Models from the Fascia Research Project
The researchers of the Faszienlabor in Ulm also presented some of their work. So Dr. Adjo Zorn presents a novel gait analysis, taking into account the strong connective tissue of the back (fascia thoracolumbalis). He backed his remarks with videos of a dog who had been born and walked upright without front legs and videos of so-called "swingwalkers" from Africa. Zorn argued that our body does not consume energy through up and down and balancing, as previously claimed. But on the contrary, that the elastic movement has an energy-efficient effect on our organism, or has made this the movement so own.
Dr. In his lecture, Werner Klingler presented the effects of heat on the fasciae. In his lecture, Robert Schleip combined fascination work and research with anthropology. Interesting here is that in the body training leads the way to the fascia. The transmission through the fascia during activities such as running and swimming is no longer news there. The muscle-oriented training deviates more and more the fascia and the model of the "Long Chains" oriented training. Magazines such as "Men's Health" have taken up these ideas and are starting to implement them and bring them closer to the readers. Actually, these are gymnastic exercises from the generation of our grandparents, who are thus regained access to modern training systems.
Homeokinesia instead of homeostasis
In this diversity of ideas, concepts and research during the six days in Ulm, two decisive points were repeatedly raised:
1. Mechanical aspects of biochemistry and
2. The connection and recognition of relationships in the human organism have long been neglected.

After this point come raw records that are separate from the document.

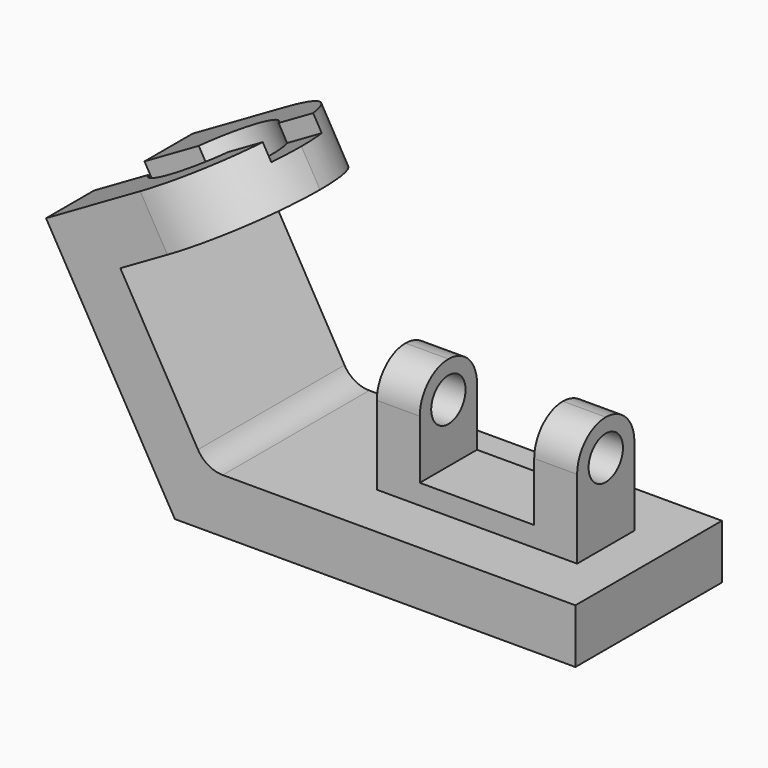
from build123d import *

# Parameters (mm, degrees)
F1_DEPTH  = 32
F2_DEPTH  = 12.5
F4_DEPTH  = 19
F5_R      = 10
F6_R      = 5
F7_DEPTH  = 19
F6_R_2    = 19.5
F8_DEPTH  = 12
F10_DEPTH = 6
F11_W     = 22
F11_H     = 56
F12_DEPTH = 6
F14_DEPTH = 70
F15_R     = 7.5
F16_DEPTH = 70


with BuildPart() as f1:
    # F0 (on Front) → F1 (new body, symmetric)
    with BuildSketch(Plane.XZ):
        Polygon((-45, 77.9422863406), (0, 0), (140, 0), (140, 19), (125, 19), (55, 19), (10.9696551146, 19), (-19.0455173281, 70.9878036687), (25.1217782649, 96.4878036687), (15.6217782649, 112.9422863406), align=None)
    extrude(amount=F1_DEPTH, both=True)

    # F0 (on Front) → F2 (join, symmetric)
    with BuildSketch(Plane.XZ):
        Polygon((55, 19), (125, 19), (125, 59), (110, 59), (110, 26), (70, 26), (70, 59), (55, 59), align=None)
    extrude(amount=F2_DEPTH, both=True)

    # F3 (on face) → F4 (cut, through all)
    with BuildSketch(Plane(origin=(-45, 0, 77.9422863406), x_dir=(0.8660254038, 0, 0.5), z_dir=(-0.5, 0, 0.8660254038))):
        with BuildLine():
            ThreePointArc((38, 32), (60.627416998, 22.627416998), (70, 0))
            Line((70, 0), (70, 32))
            Line((70, 32), (38, 32))
        make_face()
        with BuildLine():
            Line((70, -32), (70, 0))
            ThreePointArc((70, 0), (60.627416998, -22.627416998), (38, -32))
            Line((38, -32), (70, -32))
        make_face()
    extrude(amount=-F4_DEPTH, mode=Mode.SUBTRACT)

    # F5
    f5_edges = [f1.edges().sort_by_distance(p)[0] for p in [
        (10.969655, 0, 19),
    ]]
    fillet(f5_edges, radius=F5_R)

    # F6 (on face) → F7 (cut, through all)
    with BuildSketch(Plane(origin=(-45, 0, 77.9422863406), x_dir=(0.8660254038, 0, 0.5), z_dir=(-0.5, 0, 0.8660254038))):
        with Locations((38, 0)):
            Circle(F6_R)
    extrude(amount=-F7_DEPTH, mode=Mode.SUBTRACT)

    # F6 (on face) → F8 (cut)
    with BuildSketch(Plane(origin=(-45, 0, 77.9422863406), x_dir=(0.8660254038, 0, 0.5), z_dir=(-0.5, 0, 0.8660254038))):
        with Locations((38, 0)):
            Circle(F6_R_2)
        with Locations((38, 0)):
            Circle(F6_R, mode=Mode.SUBTRACT)
    extrude(amount=-F8_DEPTH, mode=Mode.SUBTRACT)

    # F9 (on face) → F10 (cut)
    with BuildSketch(Plane(origin=(-45, 0, 77.9422863406), x_dir=(0.8660254038, 0, 0.5), z_dir=(-0.5, 0, 0.8660254038))):
        with BuildLine():
            Line((21.8987578119, 11), (0, 11))
            Line((0, 11), (0, -11))
            Line((0, -11), (21.8987578119, -11))
            ThreePointArc((21.8987578119, -11), (18.5, 0), (21.8987578119, 11))
        make_face()
        with BuildLine():
            Line((68.0499584026, 11), (54.1012421881, 11))
            ThreePointArc((54.1012421881, 11), (56.630944993, 5.7565518035), (57.5, 0))
            ThreePointArc((57.5, 0), (56.630944993, -5.7565518035), (54.1012421881, -11))
            Line((54.1012421881, -11), (68.0499584026, -11))
            ThreePointArc((68.0499584026, -11), (70, 0), (68.0499584026, 11))
        make_face()
    extrude(amount=-F10_DEPTH, mode=Mode.SUBTRACT)

    # F11 (on face) → F12 (cut)
    with BuildSketch(Plane(origin=(0, 0, 0), x_dir=(0, -1, 0), z_dir=(-0.8660254038, 0, -0.5))):
        with Locations((0, 56)):
            Rectangle(F11_W, F11_H)
    extrude(amount=-F12_DEPTH, mode=Mode.SUBTRACT)

    # F13 (on face) → F14 (cut, through all)
    with BuildSketch(Plane.YZ.offset(125)):
        with BuildLine():
            ThreePointArc((-12.5, 46.5), (-8.8388347372, 55.3388347924), (7.81e-08, 59))
            Line((7.81e-08, 59), (-12.5, 59))
            Line((-12.5, 59), (-12.5, 46.5))
        make_face()
        with BuildLine():
            ThreePointArc((7.81e-08, 59), (8.8388347924, 55.3388347372), (12.5, 46.5))
            Line((12.5, 46.5), (12.5, 59))
            Line((12.5, 59), (7.81e-08, 59))
        make_face()
    extrude(amount=-F14_DEPTH, mode=Mode.SUBTRACT)

    # F15 (on face) → F16 (cut, through all)
    with BuildSketch(Plane.YZ.offset(125)):
        with Locations((0, 46.5)):
            Circle(F15_R)
    extrude(amount=-F16_DEPTH, mode=Mode.SUBTRACT)


solid = f1.part

So, finally, the common thinking model of homeostasis (self-regulation) was juxtaposed with the new concept of homeokinesis (achieving equilibrium in bodily functions through dynamic processes). For the previous concept of homeostasis is immediately disturbed by a rotation of the earth in a self-regulation of the organism. The overall novel concept of this course promises to bring movement and connection within the therapeutic community and clinicians and researchers - as well as the fascia connect our organism. (Thorsten Fischer, Naturopath Osteopathy, 05.04.2010)
Additional information:
Terra autonomica - The world of self-organized creatures
Biotensegrity by Stephen M. Levin, M.D.